Nothing that the war had done to England was so important. Last week, with no more warning than a gliding buzz-bomb, the Conservative Government launched its “prosperity and happiness program,” Lord Woolton’s plan for cradle-to-grave social security. Famed Sir William Beveridge, stepfather of the plan, gave it his blessing, even thought it an improvement on his own. To most people it looked like “socialism in our time.”

The plan had come with that inevitability of gradualness which is woven into British history. It had taken five years of war to speed up an unhurried trend toward socialism. (Characteristically, it was the Tories who achieved it.) Once more Britain had quietly evolved a major change in its national life because enough Britons wanted it.

This time there was an added incentive: the Empire wanted it too.

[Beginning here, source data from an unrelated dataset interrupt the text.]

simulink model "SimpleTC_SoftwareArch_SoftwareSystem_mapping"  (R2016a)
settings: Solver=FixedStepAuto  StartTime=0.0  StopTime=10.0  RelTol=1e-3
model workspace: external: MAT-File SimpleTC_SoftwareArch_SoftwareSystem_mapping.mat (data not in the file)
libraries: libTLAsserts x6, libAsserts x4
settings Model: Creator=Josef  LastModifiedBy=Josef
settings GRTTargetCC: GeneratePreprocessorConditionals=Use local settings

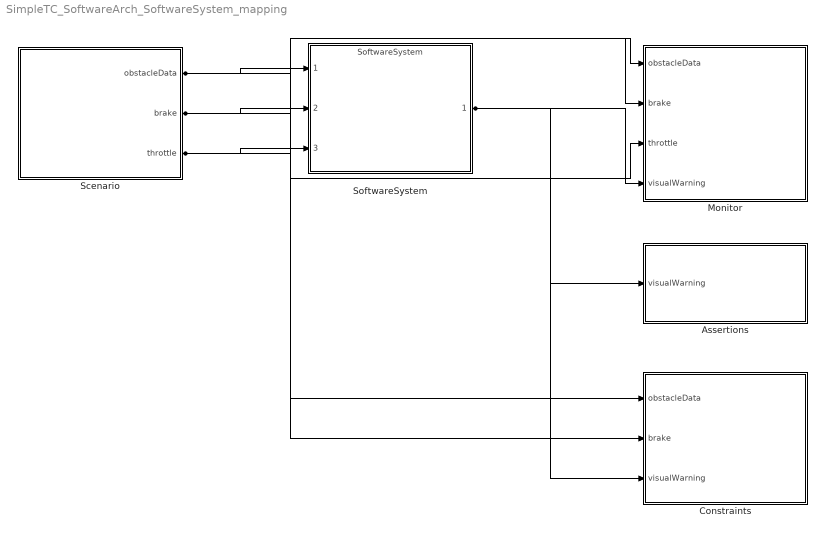
== system SimpleTC_SoftwareArch_SoftwareSystem_mapping ==
  Assertions : Subsystem
  Constraints : Subsystem
  Monitor : Subsystem
  Scenario : Subsystem
  SoftwareSystem : ModelReference  ModelNameDialog=SoftwareSystem  SimulationMode=Normal  ModelReferenceVersion=1.9
  wires:
  Scenario/2(brake) -> SoftwareSystem/2, Monitor/2(brake), Constraints/2(brake)
  Scenario/3(throttle) -> SoftwareSystem/3, Monitor/3(throttle)
  Scenario/1(obstacleData) -> SoftwareSystem/1, Monitor/1(obstacleData), Constraints/1(obstacleData)
  SoftwareSystem/1 -> Monitor/4(visualWarning), Assertions/1(visualWarning), Constraints/3(visualWarning)

== system SimpleTC_SoftwareArch_SoftwareSystem_mapping/Assertions ==
  visualWarning : Inport
  assert_1 : Subsystem
  simout_1 : ToFile  Filename=assert_1.mat  MatrixName=assert_1  SaveFormat=Timeseries
  wires:
  visualWarning/1 -> assert_1/1(visualWarning)
  assert_1/1(assert_1_FAILED) -> simout_1/1

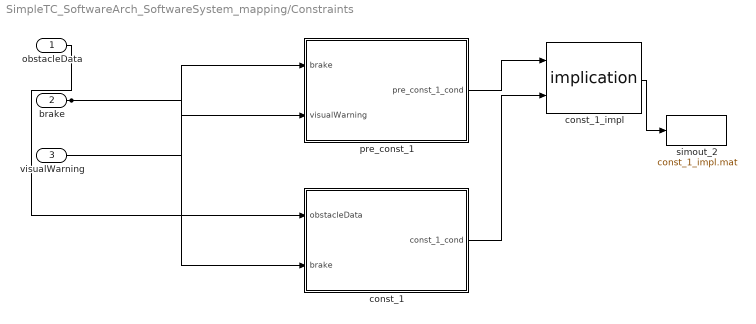
== system SimpleTC_SoftwareArch_SoftwareSystem_mapping/Constraints ==
  obstacleData : Inport
  brake : Inport  Port=2
  visualWarning : Inport  Port=3
  const_1 : Subsystem
  const_1_impl : libAsserts/implication
  pre_const_1 : Subsystem
  simout_2 : ToFile  Filename=const_1_impl.mat  MatrixName=const_1_impl  SaveFormat=Timeseries
  wires:
  brake/1 -> pre_const_1/1(brake), const_1/2(brake)
  visualWarning/1 -> pre_const_1/2(visualWarning)
  obstacleData/1 -> const_1/1(obstacleData)
  pre_const_1/1(pre_const_1_cond) -> const_1_impl/1
  const_1/1(const_1_cond) -> const_1_impl/2
  const_1_impl/1 -> simout_2/1

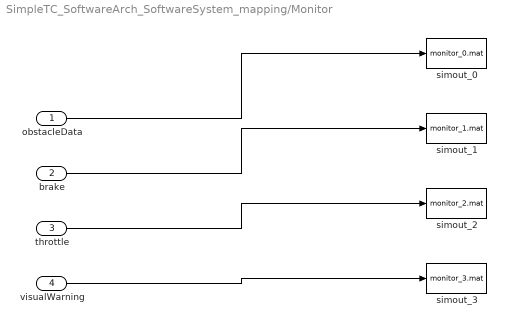
== system SimpleTC_SoftwareArch_SoftwareSystem_mapping/Monitor ==
  obstacleData : Inport
  brake : Inport  Port=2
  throttle : Inport  Port=3
  visualWarning : Inport  Port=4
  simout_0 : ToFile  Filename=monitor_0.mat  MatrixName=obstacleData  SaveFormat=Timeseries
  simout_1 : ToFile  Filename=monitor_1.mat  MatrixName=brake  SaveFormat=Timeseries
  simout_2 : ToFile  Filename=monitor_2.mat  MatrixName=throttle  SaveFormat=Timeseries
  simout_3 : ToFile  Filename=monitor_3.mat  MatrixName=visualWarning  SaveFormat=Timeseries
  wires:
  obstacleData/1 -> simout_0/1
  brake/1 -> simout_1/1
  throttle/1 -> simout_2/1
  visualWarning/1 -> simout_3/1

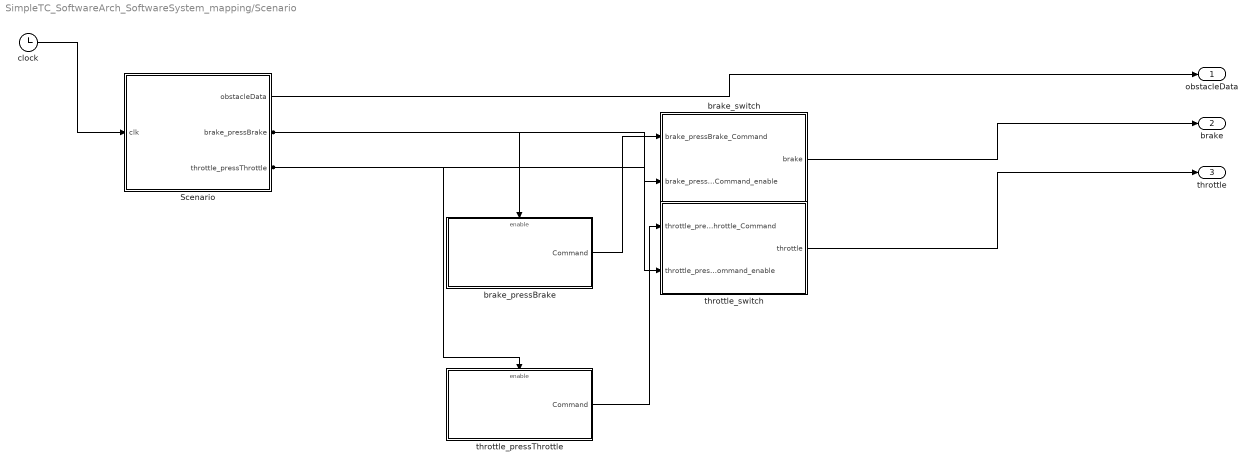
== system SimpleTC_SoftwareArch_SoftwareSystem_mapping/Scenario ==
  Scenario : Stateflow chart  TreatAsAtomicUnit=on
  brake_pressBrake : Subsystem
  brake_switch : Subsystem
  clock : Clock
  throttle_pressThrottle : Subsystem
  throttle_switch : Subsystem
  obstacleData : Outport
  brake : Outport  Port=2
  throttle : Outport  Port=3
  wires:
  brake_switch/1(brake) -> brake/1
  throttle_switch/1(throttle) -> throttle/1
  brake_pressBrake/1(Command) -> brake_switch/1(brake_pressBrake_Command)
  Scenario/2(brake_pressBrake) -> brake_switch/2(brake_pressBrake_Command_enable), brake_pressBrake/Enable
  throttle_pressThrottle/1(Command) -> throttle_switch/1(throttle_pressThrottle_Command)
  Scenario/3(throttle_pressThrottle) -> throttle_switch/2(throttle_pressThrottle_Command_enable), throttle_pressThrottle/Enable
  Scenario/1(obstacleData) -> obstacleData/1
  clock/1 -> Scenario/1(clk)

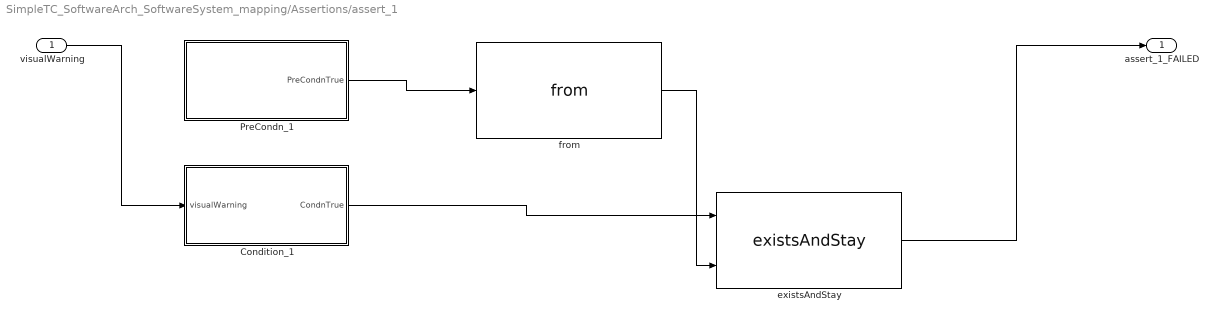
== system SimpleTC_SoftwareArch_SoftwareSystem_mapping/Assertions/assert_1 ==
  visualWarning : Inport
  Condition_1 : Subsystem
  PreCondn_1 : Subsystem
  existsAndStay : libTLAsserts/existsAndStay
  from : libTLAsserts/from
  assert_1_FAILED : Outport
  wires:
  visualWarning/1 -> Condition_1/1(visualWarning)
  PreCondn_1/1(PreCondnTrue) -> from/1
  Condition_1/1(CondnTrue) -> existsAndStay/1
  from/1 -> existsAndStay/2
  existsAndStay/1 -> assert_1_FAILED/1

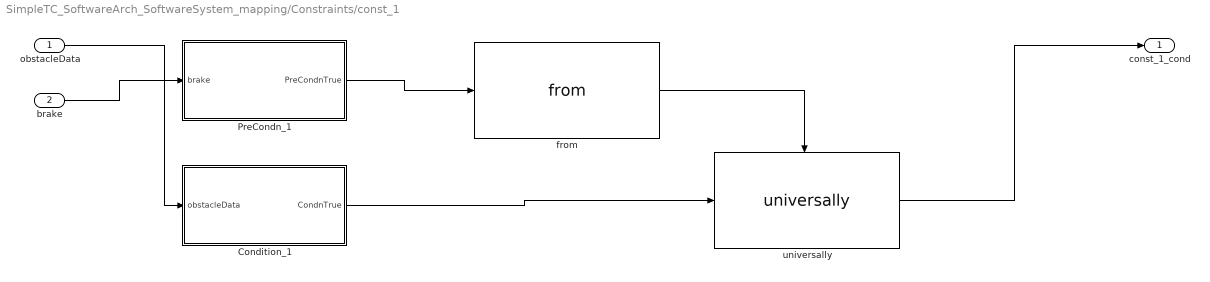
== system SimpleTC_SoftwareArch_SoftwareSystem_mapping/Constraints/const_1 ==
  obstacleData : Inport
  brake : Inport  Port=2
  Condition_1 : Subsystem
  PreCondn_1 : Subsystem
  from : libTLAsserts/from
  universally : libTLAsserts/universally
  const_1_cond : Outport
  wires:
  brake/1 -> PreCondn_1/1(brake)
  obstacleData/1 -> Condition_1/1(obstacleData)
  PreCondn_1/1(PreCondnTrue) -> from/1
  Condition_1/1(CondnTrue) -> universally/1
  from/1 -> universally/Enable
  universally/1 -> const_1_cond/1

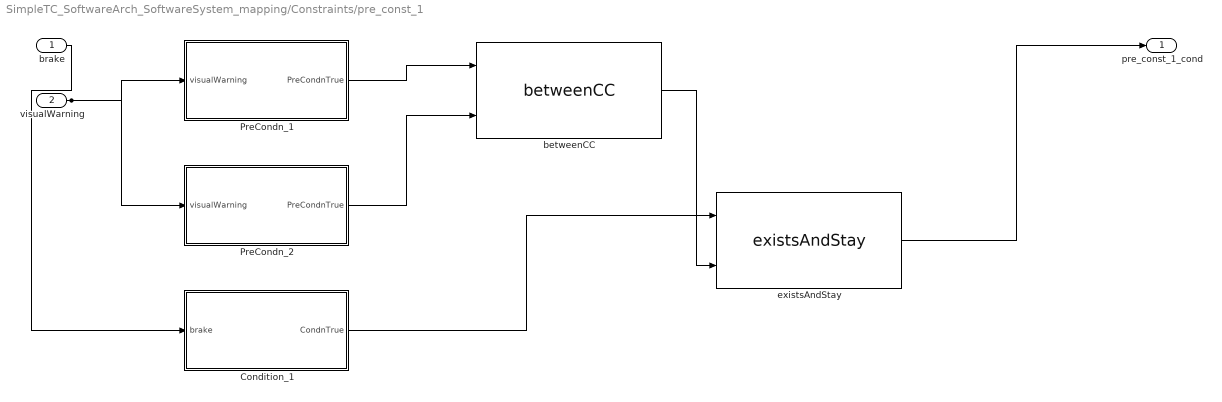
== system SimpleTC_SoftwareArch_SoftwareSystem_mapping/Constraints/pre_const_1 ==
  brake : Inport
  visualWarning : Inport  Port=2
  Condition_1 : Subsystem
  PreCondn_1 : Subsystem
  PreCondn_2 : Subsystem
  betweenCC : libTLAsserts/betweenCC
  existsAndStay : libTLAsserts/existsAndStay
  pre_const_1_cond : Outport
  wires:
  visualWarning/1 -> PreCondn_1/1(visualWarning), PreCondn_2/1(visualWarning)
  brake/1 -> Condition_1/1(brake)
  PreCondn_1/1(PreCondnTrue) -> betweenCC/1
  PreCondn_2/1(PreCondnTrue) -> betweenCC/2
  Condition_1/1(CondnTrue) -> existsAndStay/1
  betweenCC/1 -> existsAndStay/2
  existsAndStay/1 -> pre_const_1_cond/1

== system SimpleTC_SoftwareArch_SoftwareSystem_mapping/Scenario/brake_pressBrake ==
  Enable : EnablePort
  PedalPressed : Constant
  Command : Outport  OutputWhenDisabled=reset  InitialOutput=0
  wires:
  PedalPressed/1 -> Command/1

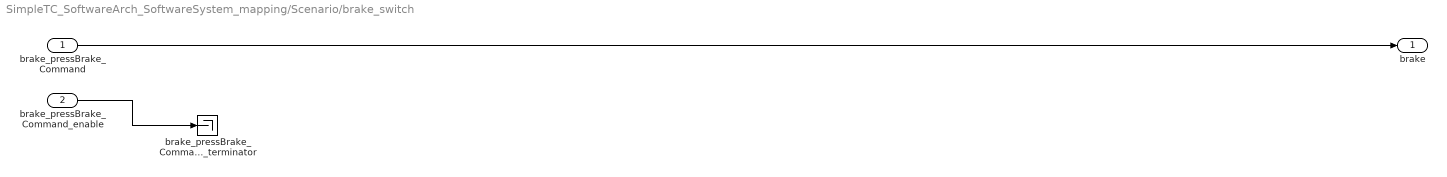
== system SimpleTC_SoftwareArch_SoftwareSystem_mapping/Scenario/brake_switch ==
  brake_pressBrake_Command : Inport
  brake_pressBrake_Command_enable : Inport  Port=2
  brake_pressBrake_Command_terminator : Terminator
  brake : Outport
  wires:
  brake_pressBrake_Command_enable/1 -> brake_pressBrake_Command_terminator/1
  brake_pressBrake_Command/1 -> brake/1

== system SimpleTC_SoftwareArch_SoftwareSystem_mapping/Scenario/throttle_pressThrottle ==
  Enable : EnablePort
  PedalPressed : Constant
  Command : Outport  OutputWhenDisabled=reset  InitialOutput=0
  wires:
  PedalPressed/1 -> Command/1

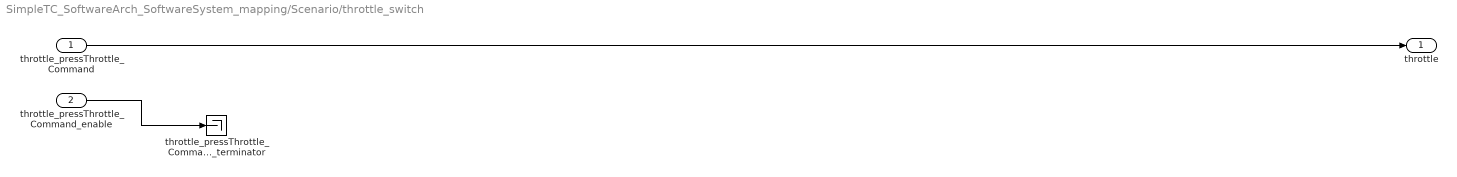
== system SimpleTC_SoftwareArch_SoftwareSystem_mapping/Scenario/throttle_switch ==
  throttle_pressThrottle_Command : Inport
  throttle_pressThrottle_Command_enable : Inport  Port=2
  throttle_pressThrottle_Command_terminator : Terminator
  throttle : Outport
  wires:
  throttle_pressThrottle_Command_enable/1 -> throttle_pressThrottle_Command_terminator/1
  throttle_pressThrottle_Command/1 -> throttle/1

== system SimpleTC_SoftwareArch_SoftwareSystem_mapping/Assertions/assert_1/Condition_1 ==
  visualWarning : Inport
  EqualsExpression_2.0_1.0 : RelationalOperator  Operator===  OutDataTypeStr=boolean
  StringLiteral_1.0_1.0 : Constant
  CondnTrue : Outport
  wires:
  visualWarning/1 -> EqualsExpression_2.0_1.0/1
  StringLiteral_1.0_1.0/1 -> EqualsExpression_2.0_1.0/2
  EqualsExpression_2.0_1.0/1 -> CondnTrue/1

== system SimpleTC_SoftwareArch_SoftwareSystem_mapping/Assertions/assert_1/PreCondn_1 ==
  AnnotatedExpression_2.0_1.0 : RelationalOperator  OutDataTypeStr=boolean
  NumberLiteral_1.0_1.0 : Constant  Value=5
  clock : Clock
  PreCondnTrue : Outport
  wires:
  clock/1 -> AnnotatedExpression_2.0_1.0/1
  NumberLiteral_1.0_1.0/1 -> AnnotatedExpression_2.0_1.0/2
  AnnotatedExpression_2.0_1.0/1 -> PreCondnTrue/1

== system SimpleTC_SoftwareArch_SoftwareSystem_mapping/Constraints/const_1/Condition_1 ==
  obstacleData : Inport
  GreaterExpression_2.0_1.0 : RelationalOperator  Operator=>  OutDataTypeStr=boolean
  NumberLiteral_1.0_1.0 : Constant  Value=100
  CondnTrue : Outport
  wires:
  obstacleData/1 -> GreaterExpression_2.0_1.0/1
  NumberLiteral_1.0_1.0/1 -> GreaterExpression_2.0_1.0/2
  GreaterExpression_2.0_1.0/1 -> CondnTrue/1

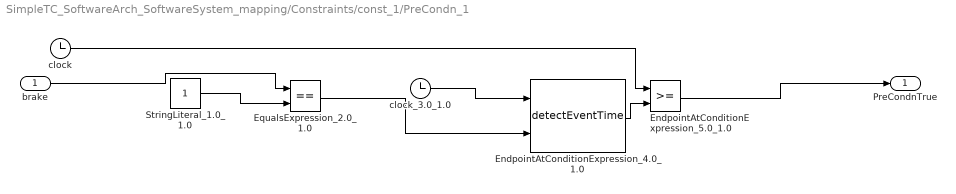
== system SimpleTC_SoftwareArch_SoftwareSystem_mapping/Constraints/const_1/PreCondn_1 ==
  brake : Inport
  EndpointAtConditionExpression_4.0_1.0 : libAsserts/detectEventTime
  EndpointAtConditionExpression_5.0_1.0 : RelationalOperator  OutDataTypeStr=boolean
  EqualsExpression_2.0_1.0 : RelationalOperator  Operator===  OutDataTypeStr=boolean
  StringLiteral_1.0_1.0 : Constant
  clock : Clock
  clock_3.0_1.0 : Clock
  PreCondnTrue : Outport
  wires:
  brake/1 -> EqualsExpression_2.0_1.0/1
  StringLiteral_1.0_1.0/1 -> EqualsExpression_2.0_1.0/2
  clock_3.0_1.0/1 -> EndpointAtConditionExpression_4.0_1.0/1
  EqualsExpression_2.0_1.0/1 -> EndpointAtConditionExpression_4.0_1.0/2
  clock/1 -> EndpointAtConditionExpression_5.0_1.0/1
  EndpointAtConditionExpression_4.0_1.0/1 -> EndpointAtConditionExpression_5.0_1.0/2
  EndpointAtConditionExpression_5.0_1.0/1 -> PreCondnTrue/1

== system SimpleTC_SoftwareArch_SoftwareSystem_mapping/Constraints/pre_const_1/Condition_1 ==
  brake : Inport
  EqualsExpression_2.0_1.0 : RelationalOperator  Operator===  OutDataTypeStr=boolean
  StringLiteral_1.0_1.0 : Constant
  CondnTrue : Outport
  wires:
  brake/1 -> EqualsExpression_2.0_1.0/1
  StringLiteral_1.0_1.0/1 -> EqualsExpression_2.0_1.0/2
  EqualsExpression_2.0_1.0/1 -> CondnTrue/1

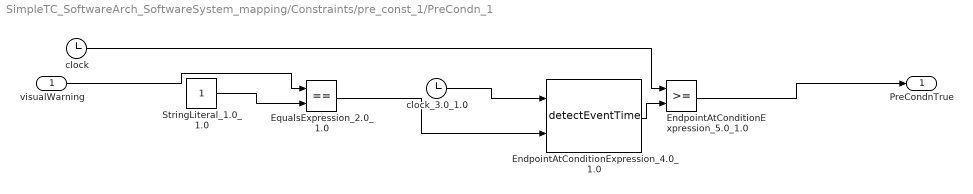
== system SimpleTC_SoftwareArch_SoftwareSystem_mapping/Constraints/pre_const_1/PreCondn_1 ==
  visualWarning : Inport
  EndpointAtConditionExpression_4.0_1.0 : libAsserts/detectEventTime
  EndpointAtConditionExpression_5.0_1.0 : RelationalOperator  OutDataTypeStr=boolean
  EqualsExpression_2.0_1.0 : RelationalOperator  Operator===  OutDataTypeStr=boolean
  StringLiteral_1.0_1.0 : Constant
  clock : Clock
  clock_3.0_1.0 : Clock
  PreCondnTrue : Outport
  wires:
  visualWarning/1 -> EqualsExpression_2.0_1.0/1
  StringLiteral_1.0_1.0/1 -> EqualsExpression_2.0_1.0/2
  clock_3.0_1.0/1 -> EndpointAtConditionExpression_4.0_1.0/1
  EqualsExpression_2.0_1.0/1 -> EndpointAtConditionExpression_4.0_1.0/2
  clock/1 -> EndpointAtConditionExpression_5.0_1.0/1
  EndpointAtConditionExpression_4.0_1.0/1 -> EndpointAtConditionExpression_5.0_1.0/2
  EndpointAtConditionExpression_5.0_1.0/1 -> PreCondnTrue/1

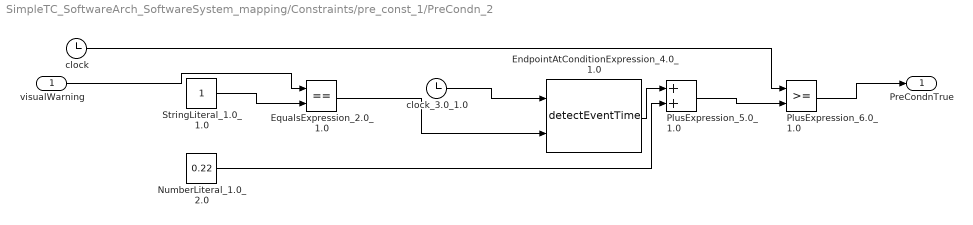
== system SimpleTC_SoftwareArch_SoftwareSystem_mapping/Constraints/pre_const_1/PreCondn_2 ==
  visualWarning : Inport
  EndpointAtConditionExpression_4.0_1.0 : libAsserts/detectEventTime
  EqualsExpression_2.0_1.0 : RelationalOperator  Operator===  OutDataTypeStr=boolean
  NumberLiteral_1.0_2.0 : Constant  Value=0.22
  PlusExpression_5.0_1.0 : Sum
  PlusExpression_6.0_1.0 : RelationalOperator  OutDataTypeStr=boolean
  StringLiteral_1.0_1.0 : Constant
  clock : Clock
  clock_3.0_1.0 : Clock
  PreCondnTrue : Outport
  wires:
  visualWarning/1 -> EqualsExpression_2.0_1.0/1
  StringLiteral_1.0_1.0/1 -> EqualsExpression_2.0_1.0/2
  clock_3.0_1.0/1 -> EndpointAtConditionExpression_4.0_1.0/1
  EqualsExpression_2.0_1.0/1 -> EndpointAtConditionExpression_4.0_1.0/2
  EndpointAtConditionExpression_4.0_1.0/1 -> PlusExpression_5.0_1.0/1
  NumberLiteral_1.0_2.0/1 -> PlusExpression_5.0_1.0/2
  clock/1 -> PlusExpression_6.0_1.0/1
  PlusExpression_5.0_1.0/1 -> PlusExpression_6.0_1.0/2
  PlusExpression_6.0_1.0/1 -> PreCondnTrue/1

== stateflow chart SimpleTC_SoftwareArch_SoftwareSystem_mapping/Scenario/Scenario ==
  state Act_Subject [parallel]
    settings: executionOrder=1
    state Act_Subject_Step1
      entry: brake_pressBrake = 0;
      entry: throttle_pressThrottle = 1;
    (default) -> Act_Subject_Step1
  state Act_Obstacle [parallel]
    settings: executionOrder=2
    state Act_Obstacle_Step1
      entry: obstacleData = 50;
    state Act_Obstacle_Step2
      entry: obstacleData = obstacleData - 10;
      entry: Act_Obstacle_Step2_stpClk = clk;
    state Act_Obstacle_Step3
    (default) -> Act_Obstacle_Step1
    Act_Obstacle_Step1 -> Act_Obstacle_Step2 : [clk > 5]
    Act_Obstacle_Step2 -> Act_Obstacle_Step3 : [clk - Act_Obstacle_Step2_stpClk > 1]
    Act_Obstacle_Step3 -> Act_Obstacle_Step2
  data: clk input; obstacleData output; brake_pressBrake output; throttle_pressThrottle output; Act_Obstacle_Step2_stpClk local

Already two Dominions—New Zealand and South Africa—were tackling social-security problems. In London a conference of Dominion Labor Parties resolved: “The conference looks forward to a revival . . . of a Socialist [Second] International.”

War on Poverty. Amiable, efficient Lord Woolton, Britain’s Conservative Reconstruction Minister, called the plan “a declaration of war against poverty.” Based on the Beveridge Plan, but costing slightly less (approximately $2,600,000,000 for the first year against the Beveridge Plan’s $2,788,000,000, it is the product of several ministries, many minds. It is all-embracing (it provides for every man, woman & child), and cooperative (it is financed by compulsory contributions from all who are able to pay). Its benefits begin at birth with a maternity allowance, end at death with a grant. General benefits cover sickness, invalidism, unemployment, retirement, widows’ pensions, orphans’ allowances, industrial injuries, family allowances, maternity and death grants.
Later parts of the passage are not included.